* DATA UNDER STUDY
↓↓↓

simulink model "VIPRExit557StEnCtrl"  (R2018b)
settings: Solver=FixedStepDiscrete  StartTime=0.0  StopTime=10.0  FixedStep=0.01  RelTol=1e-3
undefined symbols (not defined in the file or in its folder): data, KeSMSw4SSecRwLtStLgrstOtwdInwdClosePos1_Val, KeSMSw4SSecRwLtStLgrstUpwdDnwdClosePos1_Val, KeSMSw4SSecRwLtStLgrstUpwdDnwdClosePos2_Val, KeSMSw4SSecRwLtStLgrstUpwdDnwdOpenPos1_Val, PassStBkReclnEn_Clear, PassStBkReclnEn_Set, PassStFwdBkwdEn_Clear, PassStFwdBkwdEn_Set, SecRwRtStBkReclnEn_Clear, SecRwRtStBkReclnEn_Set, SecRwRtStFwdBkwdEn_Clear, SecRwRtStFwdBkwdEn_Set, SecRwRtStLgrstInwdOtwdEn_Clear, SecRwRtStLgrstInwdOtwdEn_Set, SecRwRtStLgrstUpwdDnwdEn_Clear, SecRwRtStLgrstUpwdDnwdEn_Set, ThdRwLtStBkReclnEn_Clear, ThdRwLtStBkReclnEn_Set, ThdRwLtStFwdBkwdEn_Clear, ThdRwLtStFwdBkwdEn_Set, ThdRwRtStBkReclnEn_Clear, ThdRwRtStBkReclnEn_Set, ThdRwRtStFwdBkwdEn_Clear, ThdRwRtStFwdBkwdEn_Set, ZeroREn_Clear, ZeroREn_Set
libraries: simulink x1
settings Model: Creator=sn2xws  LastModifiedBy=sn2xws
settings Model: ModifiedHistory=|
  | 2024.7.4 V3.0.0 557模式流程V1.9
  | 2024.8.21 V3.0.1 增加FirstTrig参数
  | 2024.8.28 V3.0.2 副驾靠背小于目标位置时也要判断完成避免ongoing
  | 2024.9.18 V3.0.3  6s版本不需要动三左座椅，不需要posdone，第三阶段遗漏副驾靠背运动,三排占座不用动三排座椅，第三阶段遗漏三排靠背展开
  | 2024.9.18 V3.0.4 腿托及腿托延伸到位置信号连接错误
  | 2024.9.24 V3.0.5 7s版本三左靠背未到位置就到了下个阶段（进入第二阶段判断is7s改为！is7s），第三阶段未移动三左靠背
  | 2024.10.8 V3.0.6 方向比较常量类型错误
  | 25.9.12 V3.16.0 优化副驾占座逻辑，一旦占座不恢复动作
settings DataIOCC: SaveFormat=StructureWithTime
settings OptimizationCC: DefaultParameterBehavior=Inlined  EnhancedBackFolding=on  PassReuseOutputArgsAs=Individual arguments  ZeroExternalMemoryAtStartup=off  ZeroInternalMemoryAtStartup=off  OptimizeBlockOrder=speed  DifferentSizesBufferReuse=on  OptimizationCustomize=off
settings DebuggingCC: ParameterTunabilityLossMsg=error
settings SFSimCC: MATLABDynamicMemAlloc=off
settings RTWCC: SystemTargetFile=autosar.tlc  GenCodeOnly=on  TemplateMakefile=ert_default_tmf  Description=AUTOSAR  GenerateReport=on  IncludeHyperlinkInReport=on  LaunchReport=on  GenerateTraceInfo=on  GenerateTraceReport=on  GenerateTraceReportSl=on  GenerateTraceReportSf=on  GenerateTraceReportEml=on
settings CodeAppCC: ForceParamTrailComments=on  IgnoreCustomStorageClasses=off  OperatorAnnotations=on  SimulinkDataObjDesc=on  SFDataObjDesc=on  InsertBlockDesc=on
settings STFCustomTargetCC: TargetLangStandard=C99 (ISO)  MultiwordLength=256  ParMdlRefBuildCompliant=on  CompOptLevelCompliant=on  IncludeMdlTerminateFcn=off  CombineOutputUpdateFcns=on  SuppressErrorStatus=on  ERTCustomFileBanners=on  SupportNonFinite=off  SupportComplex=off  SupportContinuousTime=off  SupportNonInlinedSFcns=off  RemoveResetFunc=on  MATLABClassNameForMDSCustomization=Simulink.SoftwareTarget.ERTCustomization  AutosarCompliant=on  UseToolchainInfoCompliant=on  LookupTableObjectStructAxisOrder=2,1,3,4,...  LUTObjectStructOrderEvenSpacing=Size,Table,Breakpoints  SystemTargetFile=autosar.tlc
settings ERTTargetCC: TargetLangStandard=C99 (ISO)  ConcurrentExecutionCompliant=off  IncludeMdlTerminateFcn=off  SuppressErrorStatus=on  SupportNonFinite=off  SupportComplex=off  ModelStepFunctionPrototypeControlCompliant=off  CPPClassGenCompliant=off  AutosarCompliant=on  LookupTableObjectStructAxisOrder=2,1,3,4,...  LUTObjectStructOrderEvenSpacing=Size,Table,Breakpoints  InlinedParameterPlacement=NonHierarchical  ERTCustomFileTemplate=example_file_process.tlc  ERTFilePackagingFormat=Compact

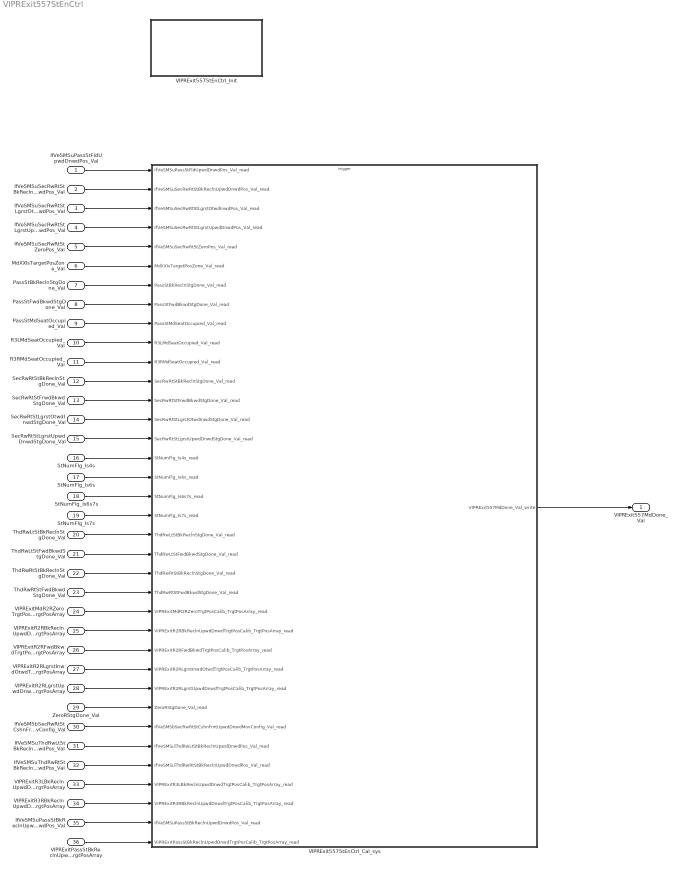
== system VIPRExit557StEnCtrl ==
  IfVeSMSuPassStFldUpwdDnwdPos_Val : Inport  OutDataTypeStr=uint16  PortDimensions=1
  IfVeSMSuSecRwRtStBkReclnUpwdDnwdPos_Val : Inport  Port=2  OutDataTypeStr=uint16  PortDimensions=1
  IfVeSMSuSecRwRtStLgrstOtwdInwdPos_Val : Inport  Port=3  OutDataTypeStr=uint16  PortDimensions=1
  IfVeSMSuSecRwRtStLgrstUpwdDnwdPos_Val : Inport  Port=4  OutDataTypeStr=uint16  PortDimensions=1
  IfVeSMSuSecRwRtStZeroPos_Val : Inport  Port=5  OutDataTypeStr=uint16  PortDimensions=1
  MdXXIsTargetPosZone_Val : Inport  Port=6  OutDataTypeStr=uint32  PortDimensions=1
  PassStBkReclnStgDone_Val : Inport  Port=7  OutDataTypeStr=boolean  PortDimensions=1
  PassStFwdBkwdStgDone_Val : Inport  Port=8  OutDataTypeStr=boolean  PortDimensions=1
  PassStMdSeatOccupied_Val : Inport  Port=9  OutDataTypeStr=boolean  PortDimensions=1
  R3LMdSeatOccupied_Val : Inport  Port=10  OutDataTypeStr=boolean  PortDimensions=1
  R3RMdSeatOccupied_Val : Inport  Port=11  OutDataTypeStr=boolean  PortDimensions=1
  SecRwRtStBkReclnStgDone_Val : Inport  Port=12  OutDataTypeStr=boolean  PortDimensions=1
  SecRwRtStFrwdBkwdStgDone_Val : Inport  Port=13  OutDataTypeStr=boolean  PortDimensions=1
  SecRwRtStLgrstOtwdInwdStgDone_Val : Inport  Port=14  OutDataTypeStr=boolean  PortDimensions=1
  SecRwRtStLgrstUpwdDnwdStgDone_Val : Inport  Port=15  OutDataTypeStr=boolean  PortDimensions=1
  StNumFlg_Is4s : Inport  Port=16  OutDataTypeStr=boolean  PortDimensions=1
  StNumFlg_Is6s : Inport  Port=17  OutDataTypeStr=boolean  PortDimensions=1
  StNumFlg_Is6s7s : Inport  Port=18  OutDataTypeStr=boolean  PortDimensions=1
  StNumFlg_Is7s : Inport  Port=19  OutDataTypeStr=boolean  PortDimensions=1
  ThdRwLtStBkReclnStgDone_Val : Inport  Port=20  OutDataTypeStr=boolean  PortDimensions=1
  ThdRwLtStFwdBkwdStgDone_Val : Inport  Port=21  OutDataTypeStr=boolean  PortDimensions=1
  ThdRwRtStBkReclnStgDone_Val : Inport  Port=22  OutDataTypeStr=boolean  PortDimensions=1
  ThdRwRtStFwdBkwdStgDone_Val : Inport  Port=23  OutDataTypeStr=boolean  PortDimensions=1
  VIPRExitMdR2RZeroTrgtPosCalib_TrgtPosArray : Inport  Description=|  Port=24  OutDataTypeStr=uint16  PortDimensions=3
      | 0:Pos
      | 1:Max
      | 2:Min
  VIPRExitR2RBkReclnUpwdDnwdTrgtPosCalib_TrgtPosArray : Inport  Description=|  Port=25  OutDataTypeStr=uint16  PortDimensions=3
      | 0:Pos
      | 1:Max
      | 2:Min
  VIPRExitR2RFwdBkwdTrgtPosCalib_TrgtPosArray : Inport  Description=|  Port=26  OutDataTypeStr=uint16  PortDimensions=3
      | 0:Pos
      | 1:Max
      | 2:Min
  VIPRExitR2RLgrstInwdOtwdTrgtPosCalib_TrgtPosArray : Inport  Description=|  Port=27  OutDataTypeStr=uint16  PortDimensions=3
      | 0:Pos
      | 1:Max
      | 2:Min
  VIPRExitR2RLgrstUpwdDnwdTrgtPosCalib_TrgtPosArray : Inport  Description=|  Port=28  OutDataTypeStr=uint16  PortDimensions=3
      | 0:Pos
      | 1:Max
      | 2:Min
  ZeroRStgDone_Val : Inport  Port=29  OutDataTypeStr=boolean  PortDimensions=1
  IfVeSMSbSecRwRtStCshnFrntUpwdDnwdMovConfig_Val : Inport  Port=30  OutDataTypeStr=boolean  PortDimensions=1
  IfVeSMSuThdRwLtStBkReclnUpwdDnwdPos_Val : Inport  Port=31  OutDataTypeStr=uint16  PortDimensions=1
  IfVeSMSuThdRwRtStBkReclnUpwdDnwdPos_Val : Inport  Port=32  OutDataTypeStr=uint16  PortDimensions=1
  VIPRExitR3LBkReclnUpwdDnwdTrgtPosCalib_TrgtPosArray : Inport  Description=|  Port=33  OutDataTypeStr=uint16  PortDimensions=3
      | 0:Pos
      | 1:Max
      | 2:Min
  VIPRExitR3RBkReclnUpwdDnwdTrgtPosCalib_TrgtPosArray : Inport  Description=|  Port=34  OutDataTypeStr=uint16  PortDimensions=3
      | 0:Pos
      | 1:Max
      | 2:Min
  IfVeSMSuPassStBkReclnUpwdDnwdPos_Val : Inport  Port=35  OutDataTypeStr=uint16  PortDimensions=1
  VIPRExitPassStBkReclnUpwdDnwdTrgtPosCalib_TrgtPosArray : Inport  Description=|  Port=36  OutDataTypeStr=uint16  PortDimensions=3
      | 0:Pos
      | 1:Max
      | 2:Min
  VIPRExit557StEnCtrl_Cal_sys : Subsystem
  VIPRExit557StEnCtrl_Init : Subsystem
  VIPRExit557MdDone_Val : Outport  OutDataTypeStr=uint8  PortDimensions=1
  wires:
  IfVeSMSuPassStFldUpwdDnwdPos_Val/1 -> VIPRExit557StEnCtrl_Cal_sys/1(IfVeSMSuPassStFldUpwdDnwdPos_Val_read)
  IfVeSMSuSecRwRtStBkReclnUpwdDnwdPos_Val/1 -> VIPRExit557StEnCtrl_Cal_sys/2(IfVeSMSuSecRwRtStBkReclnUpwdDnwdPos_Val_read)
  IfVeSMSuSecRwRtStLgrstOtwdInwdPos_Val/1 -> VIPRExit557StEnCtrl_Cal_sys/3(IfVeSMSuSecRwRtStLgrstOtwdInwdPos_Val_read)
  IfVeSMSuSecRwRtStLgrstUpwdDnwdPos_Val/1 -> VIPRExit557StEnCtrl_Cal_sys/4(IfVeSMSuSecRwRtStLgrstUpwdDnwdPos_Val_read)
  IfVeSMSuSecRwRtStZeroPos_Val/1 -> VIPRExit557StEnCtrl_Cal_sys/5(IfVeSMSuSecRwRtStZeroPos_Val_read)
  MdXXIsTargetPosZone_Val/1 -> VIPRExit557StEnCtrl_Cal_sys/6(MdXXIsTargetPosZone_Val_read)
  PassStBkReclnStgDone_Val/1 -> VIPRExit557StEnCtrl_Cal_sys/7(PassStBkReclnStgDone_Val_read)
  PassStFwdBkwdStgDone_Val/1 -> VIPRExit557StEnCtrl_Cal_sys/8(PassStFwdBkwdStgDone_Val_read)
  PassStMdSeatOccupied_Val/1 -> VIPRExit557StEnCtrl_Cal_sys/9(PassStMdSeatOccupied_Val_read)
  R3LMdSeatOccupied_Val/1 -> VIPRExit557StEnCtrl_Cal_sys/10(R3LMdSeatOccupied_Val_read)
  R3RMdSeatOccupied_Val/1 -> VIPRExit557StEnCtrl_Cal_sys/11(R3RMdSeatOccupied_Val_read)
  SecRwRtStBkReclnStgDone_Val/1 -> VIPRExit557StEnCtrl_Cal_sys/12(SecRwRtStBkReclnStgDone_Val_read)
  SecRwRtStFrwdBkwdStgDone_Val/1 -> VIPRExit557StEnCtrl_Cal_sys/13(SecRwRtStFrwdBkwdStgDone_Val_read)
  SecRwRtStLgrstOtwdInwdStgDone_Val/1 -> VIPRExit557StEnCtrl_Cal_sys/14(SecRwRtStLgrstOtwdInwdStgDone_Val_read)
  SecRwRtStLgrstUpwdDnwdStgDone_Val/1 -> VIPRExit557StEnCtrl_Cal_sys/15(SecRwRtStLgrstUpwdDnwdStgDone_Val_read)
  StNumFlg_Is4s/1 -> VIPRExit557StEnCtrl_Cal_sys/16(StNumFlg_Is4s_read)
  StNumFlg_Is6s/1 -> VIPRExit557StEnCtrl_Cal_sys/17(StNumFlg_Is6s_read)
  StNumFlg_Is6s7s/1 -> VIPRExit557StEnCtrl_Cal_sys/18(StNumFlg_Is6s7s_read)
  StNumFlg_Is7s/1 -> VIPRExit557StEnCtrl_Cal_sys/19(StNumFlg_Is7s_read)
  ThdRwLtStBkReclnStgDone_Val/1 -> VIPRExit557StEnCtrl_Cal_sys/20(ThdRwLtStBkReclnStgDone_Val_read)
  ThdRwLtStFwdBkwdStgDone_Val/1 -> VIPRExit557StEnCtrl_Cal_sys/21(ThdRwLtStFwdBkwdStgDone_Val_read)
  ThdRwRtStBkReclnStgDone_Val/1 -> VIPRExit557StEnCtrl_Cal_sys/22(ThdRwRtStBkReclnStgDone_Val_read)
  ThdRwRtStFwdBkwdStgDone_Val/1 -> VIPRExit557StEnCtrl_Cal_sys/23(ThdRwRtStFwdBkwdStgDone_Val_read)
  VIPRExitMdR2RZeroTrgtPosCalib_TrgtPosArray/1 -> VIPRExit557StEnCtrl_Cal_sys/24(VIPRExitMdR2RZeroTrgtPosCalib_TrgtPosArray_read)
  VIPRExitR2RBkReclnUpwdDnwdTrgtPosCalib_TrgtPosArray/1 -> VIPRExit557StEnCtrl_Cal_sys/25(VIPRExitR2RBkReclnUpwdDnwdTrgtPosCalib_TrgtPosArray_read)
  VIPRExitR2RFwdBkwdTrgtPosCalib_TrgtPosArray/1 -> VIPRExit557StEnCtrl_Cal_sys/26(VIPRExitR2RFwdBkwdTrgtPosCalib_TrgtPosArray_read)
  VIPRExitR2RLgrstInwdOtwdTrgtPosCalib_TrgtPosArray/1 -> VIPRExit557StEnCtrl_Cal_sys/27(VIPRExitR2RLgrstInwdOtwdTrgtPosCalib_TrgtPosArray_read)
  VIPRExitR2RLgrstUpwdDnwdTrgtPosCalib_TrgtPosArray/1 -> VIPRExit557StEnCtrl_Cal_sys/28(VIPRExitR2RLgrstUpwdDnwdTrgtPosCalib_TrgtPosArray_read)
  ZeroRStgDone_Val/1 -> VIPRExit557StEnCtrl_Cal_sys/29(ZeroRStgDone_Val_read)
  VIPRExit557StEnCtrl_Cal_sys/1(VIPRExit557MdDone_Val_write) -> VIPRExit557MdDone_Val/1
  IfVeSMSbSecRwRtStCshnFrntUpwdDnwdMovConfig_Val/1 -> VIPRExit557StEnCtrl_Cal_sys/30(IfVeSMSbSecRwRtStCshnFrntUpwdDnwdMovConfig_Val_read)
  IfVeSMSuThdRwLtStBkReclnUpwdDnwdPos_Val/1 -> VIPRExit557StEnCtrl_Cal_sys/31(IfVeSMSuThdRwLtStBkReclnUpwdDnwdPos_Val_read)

↑↑↑

* EXERCISE DETAILS
Please give an exact copy of the lines above, beginning with the line containing "2024.8.28 V3.0.2 副驾靠背小于目标位置时也要判断完成避免ongoing" and running through the line containing "settings DataIOCC: SaveFormat=StructureWithTime", and of no other lines.

* ANSWER TO THE PROBLEM
  | 2024.8.28 V3.0.2 副驾靠背小于目标位置时也要判断完成避免ongoing
  | 2024.9.18 V3.0.3  6s版本不需要动三左座椅，不需要posdone，第三阶段遗漏副驾靠背运动,三排占座不用动三排座椅，第三阶段遗漏三排靠背展开
  | 2024.9.18 V3.0.4 腿托及腿托延伸到位置信号连接错误
  | 2024.9.24 V3.0.5 7s版本三左靠背未到位置就到了下个阶段（进入第二阶段判断is7s改为！is7s），第三阶段未移动三左靠背
  | 2024.10.8 V3.0.6 方向比较常量类型错误
  | 25.9.12 V3.16.0 优化副驾占座逻辑，一旦占座不恢复动作
settings DataIOCC: SaveFormat=StructureWithTime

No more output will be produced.